**Exercise prompt**
Return only the lines of the listing below that run from the line with "Right-Shift 16 Bits1 : ArithShift" through the line with "Fixed Point Conversion0/1 ->", both ends included, exactly as written.

**Provided entries**
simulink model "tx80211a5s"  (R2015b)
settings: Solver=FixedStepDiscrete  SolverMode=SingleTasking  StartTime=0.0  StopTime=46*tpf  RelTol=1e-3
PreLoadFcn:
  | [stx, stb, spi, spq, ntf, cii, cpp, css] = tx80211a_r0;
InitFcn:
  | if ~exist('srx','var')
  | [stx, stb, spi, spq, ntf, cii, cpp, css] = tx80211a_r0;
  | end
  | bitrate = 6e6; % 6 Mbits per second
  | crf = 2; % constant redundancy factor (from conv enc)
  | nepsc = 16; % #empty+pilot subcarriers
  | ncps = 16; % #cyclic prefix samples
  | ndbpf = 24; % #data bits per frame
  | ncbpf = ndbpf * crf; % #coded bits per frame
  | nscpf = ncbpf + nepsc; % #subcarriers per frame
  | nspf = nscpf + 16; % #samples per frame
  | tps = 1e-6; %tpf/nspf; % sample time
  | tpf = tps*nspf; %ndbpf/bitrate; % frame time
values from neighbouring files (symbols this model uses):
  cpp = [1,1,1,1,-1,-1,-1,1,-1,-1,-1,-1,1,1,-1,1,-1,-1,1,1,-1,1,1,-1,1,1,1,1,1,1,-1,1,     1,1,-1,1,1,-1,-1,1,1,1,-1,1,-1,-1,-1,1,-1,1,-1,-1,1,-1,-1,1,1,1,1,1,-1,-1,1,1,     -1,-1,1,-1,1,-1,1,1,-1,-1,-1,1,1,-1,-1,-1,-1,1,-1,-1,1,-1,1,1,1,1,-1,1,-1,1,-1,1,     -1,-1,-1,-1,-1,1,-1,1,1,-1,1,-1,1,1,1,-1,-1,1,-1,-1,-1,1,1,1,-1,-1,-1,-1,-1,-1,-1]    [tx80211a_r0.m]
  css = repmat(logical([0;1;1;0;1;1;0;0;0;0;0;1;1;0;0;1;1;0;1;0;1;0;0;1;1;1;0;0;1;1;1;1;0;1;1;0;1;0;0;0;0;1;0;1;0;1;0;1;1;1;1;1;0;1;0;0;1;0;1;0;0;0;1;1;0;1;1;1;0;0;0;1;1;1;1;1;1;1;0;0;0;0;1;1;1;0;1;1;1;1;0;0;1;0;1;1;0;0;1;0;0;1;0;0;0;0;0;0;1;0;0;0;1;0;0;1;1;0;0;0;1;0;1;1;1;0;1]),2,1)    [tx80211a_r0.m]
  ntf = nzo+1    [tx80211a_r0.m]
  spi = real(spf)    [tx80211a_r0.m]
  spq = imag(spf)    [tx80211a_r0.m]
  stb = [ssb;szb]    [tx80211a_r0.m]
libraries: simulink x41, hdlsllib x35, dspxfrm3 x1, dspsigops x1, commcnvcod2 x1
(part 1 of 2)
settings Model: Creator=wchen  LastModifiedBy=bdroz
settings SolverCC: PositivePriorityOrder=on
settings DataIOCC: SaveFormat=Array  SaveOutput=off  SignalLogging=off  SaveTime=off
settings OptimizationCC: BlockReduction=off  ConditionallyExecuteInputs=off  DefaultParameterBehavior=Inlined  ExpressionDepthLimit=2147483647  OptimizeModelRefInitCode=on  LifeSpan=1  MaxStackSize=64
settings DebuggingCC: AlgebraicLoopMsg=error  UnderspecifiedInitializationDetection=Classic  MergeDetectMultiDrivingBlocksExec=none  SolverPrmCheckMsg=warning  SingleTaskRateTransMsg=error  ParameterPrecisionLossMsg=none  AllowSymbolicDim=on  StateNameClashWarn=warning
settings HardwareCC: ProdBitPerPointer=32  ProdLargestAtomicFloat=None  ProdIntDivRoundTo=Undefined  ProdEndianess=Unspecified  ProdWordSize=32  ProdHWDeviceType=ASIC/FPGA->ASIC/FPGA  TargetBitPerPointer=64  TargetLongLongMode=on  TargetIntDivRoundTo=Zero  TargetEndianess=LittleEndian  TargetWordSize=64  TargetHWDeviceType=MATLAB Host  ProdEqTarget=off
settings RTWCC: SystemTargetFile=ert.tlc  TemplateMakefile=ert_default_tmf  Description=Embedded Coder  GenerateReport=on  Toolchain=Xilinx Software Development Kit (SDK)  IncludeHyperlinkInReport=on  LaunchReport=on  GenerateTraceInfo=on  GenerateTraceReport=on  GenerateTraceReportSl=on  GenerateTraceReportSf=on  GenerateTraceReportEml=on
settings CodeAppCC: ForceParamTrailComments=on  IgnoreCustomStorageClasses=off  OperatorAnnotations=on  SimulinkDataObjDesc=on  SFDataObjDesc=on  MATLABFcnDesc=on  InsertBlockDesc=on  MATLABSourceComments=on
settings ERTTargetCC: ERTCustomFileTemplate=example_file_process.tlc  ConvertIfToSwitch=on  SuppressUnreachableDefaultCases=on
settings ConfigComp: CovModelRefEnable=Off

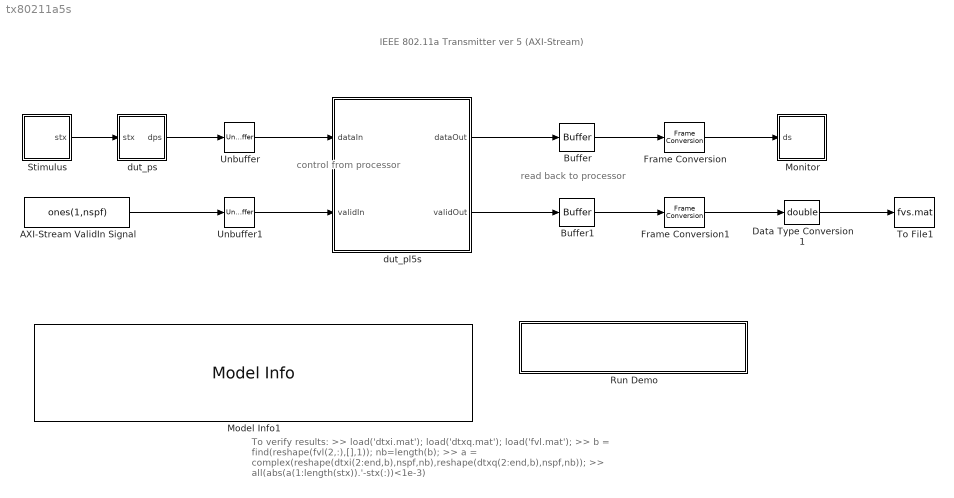
== system tx80211a5s ==
  note: control from
      | processor
  note: IEEE 802.11a Transmitter ver 5 (AXI-Stream)
  note: read back to
      | processor
  note: To verify results:
      | >> load('dtxi.mat'); load('dtxq.mat'); load('fvl.mat');
      | >> b = find(reshape(fvl(2,:),[],1)); nb=length(b);
      | >> a = complex(reshape(dtxi(2:end,b),nspf,nb),reshape(dtxq(2:end,b),nspf,nb));
      | >> all(abs(a(1:length(stx)).'-stx(:))<1e-3)
  AXI-Stream ValidIn Signal : Constant  Value=ones(1,nspf)  OutDataTypeStr=boolean  SampleTime=tpf
  Buffer : Buffer  N=nspf  TreatMby1Signals=One channel  OutputFrames=off
  Buffer1 : Buffer  N=nspf  TreatMby1Signals=One channel  OutputFrames=off
  Data Type Conversion1 : DataTypeConversion  OutDataTypeStr=double
  Frame Conversion : FrameConversion  InheritSamplingMode=off  OutFrame=Sample-based
  Frame Conversion1 : FrameConversion  InheritSamplingMode=off  OutFrame=Sample-based
  Model Info1 : simulink/Model-Wide Utilities/Model Info  Frame=on  DisplayStringWithTags=|  HorizontalTextAlignment=Left  LeftAlignmentValue=0.02  SourceBlockDiagram=tx80211a5s  TagMaxNumber=20
      | This example shows how to use HDL Workflow Advisor to 
      | generate a custom IP core for Zynq SoC evaluation board.
      | 
      | In MATLAB, type the following:
      |   hdladvisor('tx80211a5s/dut_pl5s')
  Monitor : Subsystem
  Run Demo : Subsystem
      settings: OpenFcn=hdladvisor([bdroot, '/led_counter'])
      mask Display: disp('Launch HDL Workflow Advisor')
  Stimulus : Subsystem
  To File1 : ToFile  Filename=fvs.mat  MatrixName=fvs  SampleTime=tpf
  Unbuffer : Unbuffer  SampleBasedProcessing=Same as frame based
  Unbuffer1 : Unbuffer  SampleBasedProcessing=Same as frame based
  dut_pl5s : Subsystem  TreatAsAtomicUnit=on
  dut_ps : Subsystem
  wires:
  Buffer/1 -> Frame Conversion/1
  dut_pl5s/1(dataOut) -> Buffer/1
  Stimulus/1(stx) -> dut_ps/1(stx)
  dut_ps/1(dps) -> Unbuffer/1
  Unbuffer/1 -> dut_pl5s/1(dataIn)
  Frame Conversion/1 -> Monitor/1(ds)
  AXI-Stream ValidIn Signal/1 -> Unbuffer1/1
  Unbuffer1/1 -> dut_pl5s/2(validIn)
  dut_pl5s/2(validOut) -> Buffer1/1
  Buffer1/1 -> Frame Conversion1/1
  Data Type Conversion1/1 -> To File1/1
  Frame Conversion1/1 -> Data Type Conversion1/1

== system tx80211a5s/Monitor ==
  ds : Inport
  Compare To Constant : simulink/Logic and Bit Operations/Compare To Constant  relop=>  const=uint16(0)  OutDataTypeStr=boolean
  Counter Free-Running : simulink/Sources/Counter Free-Running  NumBits=16  tsamp=tpf
  Unpack_int32_into_fix16c1b : Subsystem
  write_srb_to_file : Subsystem
  wires:
  Compare To Constant/1 -> write_srb_to_file/Enable
  Counter Free-Running/1 -> Compare To Constant/1
  ds/1 -> Unpack_int32_into_fix16c1b/1(di32)
  Unpack_int32_into_fix16c1b/2(fvd) -> write_srb_to_file/2(fvl)
  Unpack_int32_into_fix16c1b/1(dts) -> write_srb_to_file/1(srb)

== system tx80211a5s/Run Demo ==

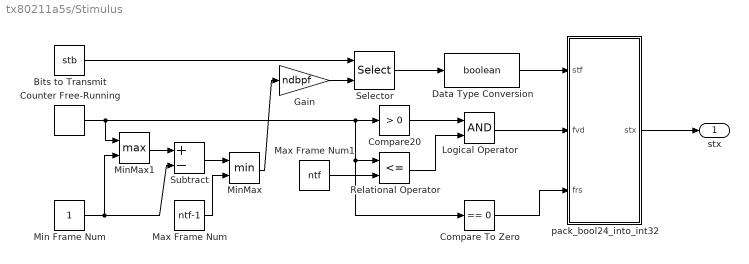
== system tx80211a5s/Stimulus ==
  Bits to Transmit : Constant  Value=stb  SampleTime=tpf
  Compare To Zero : simulink/Logic and Bit Operations/Compare To Zero  relop===  OutDataTypeStr=boolean
  Compare20 : simulink/Logic and Bit Operations/Compare To Zero  relop=>  OutDataTypeStr=boolean
  Counter Free-Running : simulink/Sources/Counter Free-Running  NumBits=16  tsamp=tpf
  Data Type Conversion : DataTypeConversion  OutDataTypeStr=boolean
  Gain : Gain  Gain=ndbpf  OutDataTypeStr=uint16
  Logical Operator : Logic  AllPortsSameDT=off  OutDataTypeStr=boolean
  Max Frame Num : Constant  Value=ntf-1  OutDataTypeStr=uint16  SampleTime=tpf
  Max Frame Num1 : Constant  Value=ntf  OutDataTypeStr=uint16  SampleTime=tpf
  Min Frame Num : Constant  OutDataTypeStr=uint16  SampleTime=tpf
  MinMax : MinMax  Inputs=2  OutDataTypeStr=uint16
  MinMax1 : MinMax  Function=max  Inputs=2
  Relational Operator : RelationalOperator  Operator=<=  OutDataTypeStr=boolean
  Selector : Selector  IndexMode=Zero-based  InputPortWidth=864  IndexOptions=Starting index (port)  Indices=[1 3]  OutputSizes=24
  Subtract : Sum  Inputs=+-  OutDataTypeStr=uint16
  pack_bool24_into_int32 : Subsystem
  stx : Outport
  wires:
  Compare To Zero/1 -> pack_bool24_into_int32/3(frs)
  MinMax1/1 -> Subtract/1
  Subtract/1 -> MinMax/1
  Min Frame Num/1 -> MinMax1/2, Subtract/2
  pack_bool24_into_int32/1(stx) -> stx/1
  Data Type Conversion/1 -> pack_bool24_into_int32/1(stf)
  Selector/1 -> Data Type Conversion/1
  Gain/1 -> Selector/2
  Bits to Transmit/1 -> Selector/1
  MinMax/1 -> Gain/1
  Max Frame Num/1 -> MinMax/2
  Counter Free-Running/1 -> Compare20/1, Relational Operator/1, Compare To Zero/1, MinMax1/1
  Compare20/1 -> Logical Operator/1
  Relational Operator/1 -> Logical Operator/2
  Logical Operator/1 -> pack_bool24_into_int32/2(fvd)
  Max Frame Num1/1 -> Relational Operator/2

== system tx80211a5s/dut_pl5s ==
  dataIn : Inport
  validIn : Inport  Port=2
  PL_dut : Subsystem
  dataOut : Outport  InitialOutput=0
  validOut : Outport  Port=2  InitialOutput=0
  wires:
  dataIn/1 -> PL_dut/1(dps)
  PL_dut/1(dpl) -> dataOut/1
  validIn/1 -> validOut/1, PL_dut/Enable

== system tx80211a5s/dut_ps ==
  stx : Inport
  Logical AND : Logic  IconShape=distinctive  AllPortsSameDT=off  OutDataTypeStr=boolean
  pack_48b_into_int32 : Subsystem
  prepare_frame_ps : Subsystem  TreatAsAtomicUnit=on
  unpack_int32_into_bool24 : Subsystem
  dps : Outport
  wires:
  stx/1 -> unpack_int32_into_bool24/1(di32)
  unpack_int32_into_bool24/3(frs) -> pack_48b_into_int32/3(frs), prepare_frame_ps/2(frs)
  unpack_int32_into_bool24/1(stx) -> prepare_frame_ps/1(stb)
  unpack_int32_into_bool24/2(fvd) -> Logical AND/1, prepare_frame_ps/Enable
  prepare_frame_ps/1(dts) -> pack_48b_into_int32/1(dt48b)
  pack_48b_into_int32/1(dti32) -> dps/1
  Logical AND/1 -> pack_48b_into_int32/2(fvd)
  prepare_frame_ps/2(fvo) -> Logical AND/2

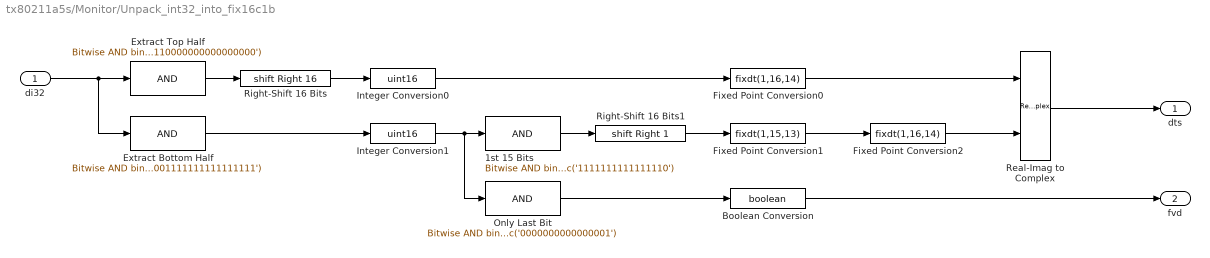
== system tx80211a5s/Monitor/Unpack_int32_into_fix16c1b ==
  di32 : Inport
  1st 15 Bits : simulink/Logic and Bit Operations/Bitwise Operator  logicop=AND  UseBitMask=on  BitMask=bin2dec('1111111111111110')  BitMaskRealWorld=Stored Integer
  Boolean Conversion : DataTypeConversion  OutDataTypeStr=boolean  ConvertRealWorld=Stored Integer (SI)
  Extract Bottom Half : simulink/Logic and Bit Operations/Bitwise Operator  logicop=AND  UseBitMask=on  BitMask=bin2dec('00000000000000001111111111111111')  BitMaskRealWorld=Stored Integer
  Extract Top Half : simulink/Logic and Bit Operations/Bitwise Operator  logicop=AND  UseBitMask=on  BitMask=bin2dec('11111111111111110000000000000000')  BitMaskRealWorld=Stored Integer
  Fixed Point Conversion0 : DataTypeConversion  OutDataTypeStr=fixdt(1,16,14)  ConvertRealWorld=Stored Integer (SI)
      settings: AttributesFormatString=%<OutDataTypeStr>
  Fixed Point Conversion1 : DataTypeConversion  OutDataTypeStr=fixdt(1,15,13)  ConvertRealWorld=Stored Integer (SI)
      settings: AttributesFormatString=%<OutDataTypeStr>
  Fixed Point Conversion2 : DataTypeConversion  OutDataTypeStr=fixdt(1,16,14)
      settings: AttributesFormatString=%<OutDataTypeStr>
  Integer Conversion0 : DataTypeConversion  OutDataTypeStr=uint16  ConvertRealWorld=Stored Integer (SI)
  Integer Conversion1 : DataTypeConversion  OutDataTypeStr=uint16  ConvertRealWorld=Stored Integer (SI)
  Only Last Bit : simulink/Logic and Bit Operations/Bitwise Operator  logicop=AND  UseBitMask=on  BitMask=bin2dec('0000000000000001')  BitMaskRealWorld=Stored Integer
  Real-Imag to Complex : RealImagToComplex
  Right-Shift 16 Bits : ArithShift  BitShiftNumber=16  BitShiftDirection=Right  DiagnosticForOORShift=Error
  Right-Shift 16 Bits1 : ArithShift  BitShiftNumber=1  BitShiftDirection=Right  DiagnosticForOORShift=Error
  dts : Outport
  fvd : Outport  Port=2
  wires:
  Real-Imag to Complex/1 -> dts/1
  Only Last Bit/1 -> Boolean Conversion/1
  Boolean Conversion/1 -> fvd/1
  Fixed Point Conversion0/1 -> Real-Imag to Complex/1
  Fixed Point Conversion2/1 -> Real-Imag to Complex/2
  Extract Bottom Half/1 -> Integer Conversion1/1
  di32/1 -> Extract Bottom Half/1, Extract Top Half/1
  1st 15 Bits/1 -> Right-Shift 16 Bits1/1
  Right-Shift 16 Bits/1 -> Integer Conversion0/1
  Extract Top Half/1 -> Right-Shift 16 Bits/1
  Integer Conversion1/1 -> 1st 15 Bits/1, Only Last Bit/1
  Integer Conversion0/1 -> Fixed Point Conversion0/1
  Fixed Point Conversion1/1 -> Fixed Point Conversion2/1
  Right-Shift 16 Bits1/1 -> Fixed Point Conversion1/1

== system tx80211a5s/Monitor/write_srb_to_file ==
  srb : Inport
  fvl : Inport  Port=2
  Enable : EnablePort
  Complex to Real-Imag : ComplexToRealImag
  Data Type Conversion : DataTypeConversion  OutDataTypeStr=double
  Data Type Conversion1 : DataTypeConversion  OutDataTypeStr=double
  To File : ToFile  Filename=dtxi.mat  MatrixName=dtxi  SampleTime=tpf
  To File1 : ToFile  Filename=fvl.mat  MatrixName=fvl  SampleTime=tpf
  To File2 : ToFile  Filename=dtxq.mat  MatrixName=dtxq  SampleTime=tpf
  wires:
  fvl/1 -> Data Type Conversion1/1
  Data Type Conversion1/1 -> To File1/1
  srb/1 -> Data Type Conversion/1
  Data Type Conversion/1 -> Complex to Real-Imag/1
  Complex to Real-Imag/1 -> To File/1
  Complex to Real-Imag/2 -> To File2/1

== system tx80211a5s/Stimulus/pack_bool24_into_int32 ==
  stf : Inport
  fvd : Inport  Port=2
  frs : Inport  Port=3
  Bit Concat : hdlsllib/HDL Operations/Bit Concat  numInputs=1
  Constant : Constant  Value=false(6,1)  OutDataTypeStr=boolean  SampleTime=tpf
  Vector Concatenate : Concatenate  NumInputs=4
  stx : Outport
  wires:
  Vector Concatenate/1 -> Bit Concat/1
  stf/1 -> Vector Concatenate/1
  fvd/1 -> Vector Concatenate/3
  frs/1 -> Vector Concatenate/4
  Constant/1 -> Vector Concatenate/2
  Bit Concat/1 -> stx/1

== system tx80211a5s/dut_pl5s/PL_dut ==
  dps : Inport
  Enable : EnablePort
  BPSK Modulate : Subsystem  TreatAsAtomicUnit=on
  Interleave : Subsystem  TreatAsAtomicUnit=on
  OFDM Modulate : Subsystem
  Preamble Switch : Subsystem  TreatAsAtomicUnit=on
  Unpack_int32_into_24b : Subsystem
  pack_fpt16c1b_into_int32 : Subsystem
  dpl : Outport  InitialOutput=0
  wires:
  dps/1 -> Unpack_int32_into_24b/1(di32)
  Unpack_int32_into_24b/3(frs) -> Interleave/3(frs), OFDM Modulate/3(frs), Preamble Switch/3(frs)
  OFDM Modulate/2(f8v) -> Preamble Switch/2(f8v)  "f8v"
  pack_fpt16c1b_into_int32/1(dti32) -> dpl/1
  BPSK Modulate/1(s4m) -> OFDM Modulate/1(s4m)
  OFDM Modulate/1(s8s) -> Preamble Switch/1(s8s)
  Preamble Switch/1(s9s) -> pack_fpt16c1b_into_int32/1(dtf16c)
  Preamble Switch/2(f9v) -> pack_fpt16c1b_into_int32/2(fvd)  "f9v"
  BPSK Modulate/2(f4v) -> OFDM Modulate/2(f4v)  "f8v"
  Unpack_int32_into_24b/2(fvd) -> Interleave/2(f3v)  "f8v"
  Unpack_int32_into_24b/1(dts) -> Interleave/1(s2b)
  Interleave/1(s3b) -> BPSK Modulate/1(s3b)
  Interleave/2(f4v) -> BPSK Modulate/2(f3v)

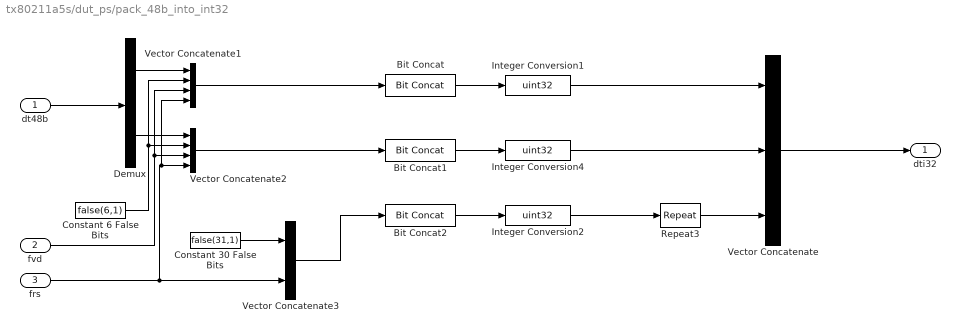
== system tx80211a5s/dut_ps/pack_48b_into_int32 ==
  dt48b : Inport
  fvd : Inport  Port=2
  frs : Inport  Port=3
  Bit Concat : hdlsllib/HDL Operations/Bit Concat  numInputs=1
  Bit Concat1 : hdlsllib/HDL Operations/Bit Concat  numInputs=1
  Bit Concat2 : hdlsllib/HDL Operations/Bit Concat  numInputs=1
  Constant 30 False Bits : Constant  Value=false(31,1)  OutDataTypeStr=boolean  SampleTime=tpf
  Constant 6 False Bits : Constant  Value=false(6,1)  OutDataTypeStr=boolean  SampleTime=tpf
  Demux : Demux  Outputs=2
  Integer Conversion1 : DataTypeConversion  OutDataTypeStr=uint32  ConvertRealWorld=Stored Integer (SI)
  Integer Conversion2 : DataTypeConversion  OutDataTypeStr=uint32  ConvertRealWorld=Stored Integer (SI)
  Integer Conversion4 : DataTypeConversion  OutDataTypeStr=uint32  ConvertRealWorld=Stored Integer (SI)
  Repeat3 : dspsigops/Repeat  N=78  InputProcessing=Columns as channels (frame based)  RateOptions=Enforce single-rate processing  ic=0  mode=Unused parameter value
  Vector Concatenate : Concatenate  NumInputs=3
  Vector Concatenate1 : Concatenate  NumInputs=4
  Vector Concatenate2 : Concatenate  NumInputs=4
  Vector Concatenate3 : Concatenate
  dti32 : Outport
  wires:
  dt48b/1 -> Demux/1
  Vector Concatenate/1 -> dti32/1
  Bit Concat/1 -> Integer Conversion1/1
  Bit Concat1/1 -> Integer Conversion4/1
  Integer Conversion1/1 -> Vector Concatenate/1
  Integer Conversion4/1 -> Vector Concatenate/2
  Demux/1 -> Vector Concatenate1/1
  Demux/2 -> Vector Concatenate2/1
  fvd/1 -> Vector Concatenate1/3, Vector Concatenate2/3
  frs/1 -> Vector Concatenate1/4, Vector Concatenate2/4, Vector Concatenate3/2
  Vector Concatenate1/1 -> Bit Concat/1
  Vector Concatenate2/1 -> Bit Concat1/1
  Constant 6 False Bits/1 -> Vector Concatenate2/2, Vector Concatenate1/2
  Constant 30 False Bits/1 -> Vector Concatenate3/1
  Vector Concatenate3/1 -> Bit Concat2/1
  Bit Concat2/1 -> Integer Conversion2/1
  Integer Conversion2/1 -> Repeat3/1
  Repeat3/1 -> Vector Concatenate/3

== system tx80211a5s/dut_ps/prepare_frame_ps ==
  stb : Inport
  frs : Inport  Port=2
  Enable : EnablePort
  Convolutional Encode : Subsystem  TreatAsAtomicUnit=on
  Scramble : Subsystem  TreatAsAtomicUnit=on
  dts : Outport
  fvo : Outport  Port=2  InitialOutput=0
  wires:
  stb/1 -> Scramble/1(s0b)
  frs/1 -> Scramble/2(frs)
  Scramble/1(s1b) -> Convolutional Encode/1(s1b)
  Scramble/2(f1v) -> Convolutional Encode/2(f1v)
  Convolutional Encode/2(f2v) -> fvo/1
  Convolutional Encode/1(s2b) -> dts/1

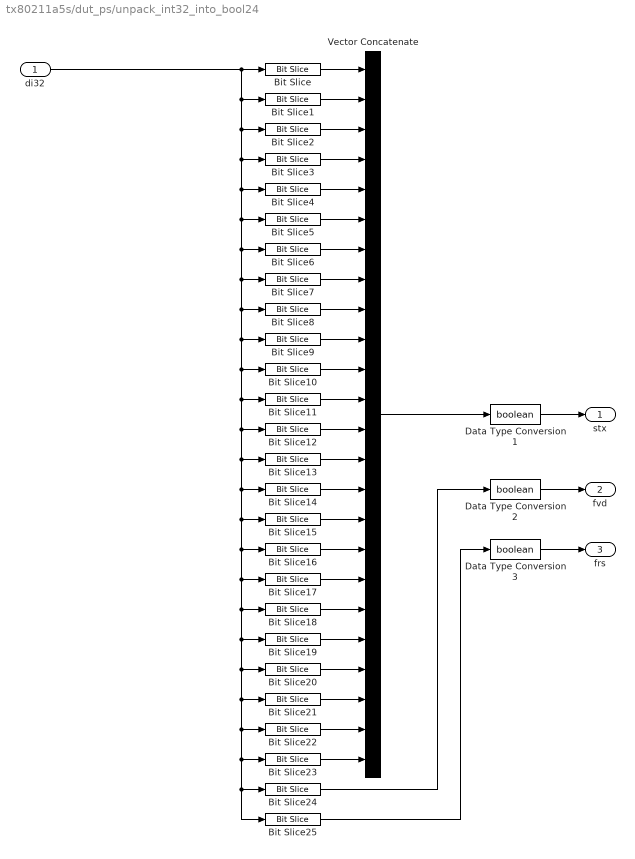
== system tx80211a5s/dut_ps/unpack_int32_into_bool24 ==
  di32 : Inport
  Bit Slice : hdlsllib/HDL Operations/Bit Slice  lidx=31  ridx=31
      settings: AttributesFormatString=%<lidx>
  Bit Slice1 : hdlsllib/HDL Operations/Bit Slice  lidx=30  ridx=30
      settings: AttributesFormatString=%<lidx>
  Bit Slice10 : hdlsllib/HDL Operations/Bit Slice  lidx=21  ridx=21
      settings: AttributesFormatString=%<lidx>
  Bit Slice11 : hdlsllib/HDL Operations/Bit Slice  lidx=20  ridx=20
      settings: AttributesFormatString=%<lidx>
  Bit Slice12 : hdlsllib/HDL Operations/Bit Slice  lidx=19  ridx=19
      settings: AttributesFormatString=%<lidx>
  Bit Slice13 : hdlsllib/HDL Operations/Bit Slice  lidx=18  ridx=18
      settings: AttributesFormatString=%<lidx>
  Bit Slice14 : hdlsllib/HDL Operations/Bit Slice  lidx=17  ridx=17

**Response to this task**
  Right-Shift 16 Bits1 : ArithShift  BitShiftNumber=1  BitShiftDirection=Right  DiagnosticForOORShift=Error
  dts : Outport
  fvd : Outport  Port=2
  wires:
  Real-Imag to Complex/1 -> dts/1
  Only Last Bit/1 -> Boolean Conversion/1
  Boolean Conversion/1 -> fvd/1
  Fixed Point Conversion0/1 -> Real-Imag to Complex/1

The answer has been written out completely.